- _WHAT TO DO_
Every line in the records below with the string "picture" is to be copied out.

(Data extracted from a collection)

Segment Open

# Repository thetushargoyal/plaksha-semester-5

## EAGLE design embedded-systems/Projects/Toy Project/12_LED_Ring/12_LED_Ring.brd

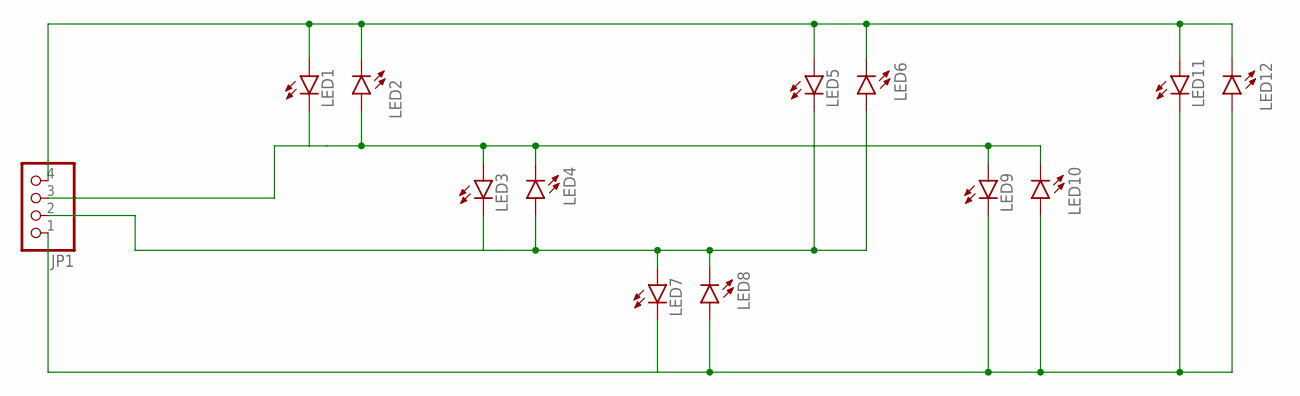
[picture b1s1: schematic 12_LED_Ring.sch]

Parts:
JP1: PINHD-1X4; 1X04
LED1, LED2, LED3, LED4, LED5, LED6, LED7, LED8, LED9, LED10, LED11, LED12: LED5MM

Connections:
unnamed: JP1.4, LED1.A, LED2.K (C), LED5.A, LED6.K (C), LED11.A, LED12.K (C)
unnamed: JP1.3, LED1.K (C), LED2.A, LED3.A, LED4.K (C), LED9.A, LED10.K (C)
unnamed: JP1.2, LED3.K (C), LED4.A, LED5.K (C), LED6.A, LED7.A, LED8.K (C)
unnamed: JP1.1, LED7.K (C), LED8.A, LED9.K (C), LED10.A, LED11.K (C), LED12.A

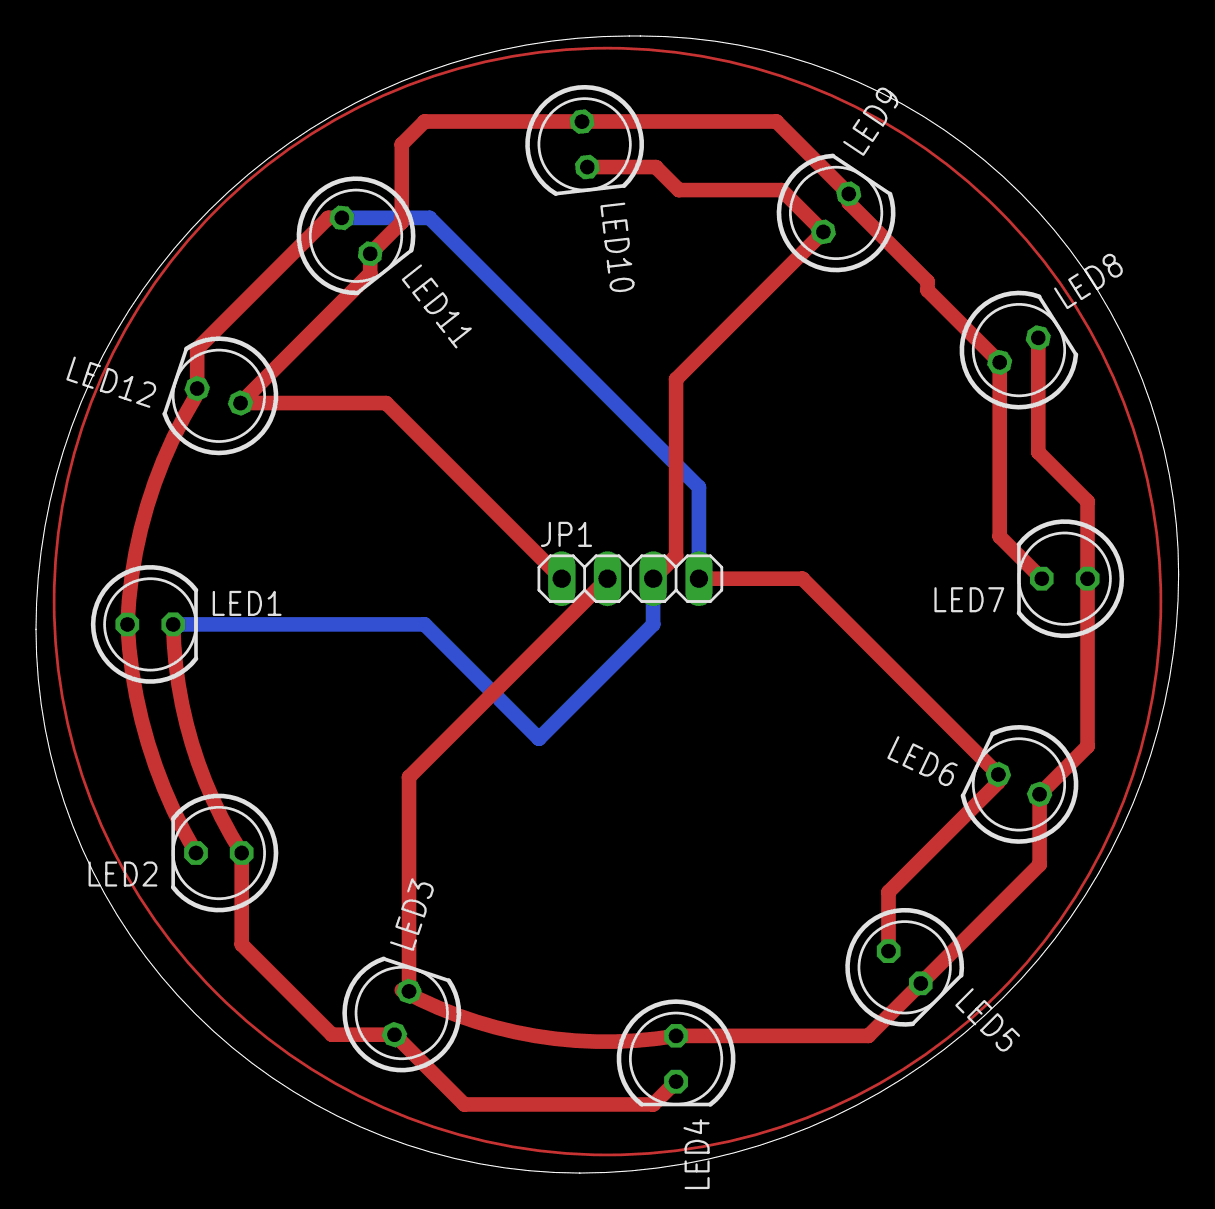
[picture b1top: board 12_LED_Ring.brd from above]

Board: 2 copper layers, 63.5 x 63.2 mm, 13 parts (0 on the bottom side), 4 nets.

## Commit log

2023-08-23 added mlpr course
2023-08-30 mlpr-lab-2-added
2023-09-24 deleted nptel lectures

Segment Closed

- _RESULT_
[picture b1s1: schematic 12_LED_Ring.sch]
[picture b1top: board 12_LED_Ring.brd from above]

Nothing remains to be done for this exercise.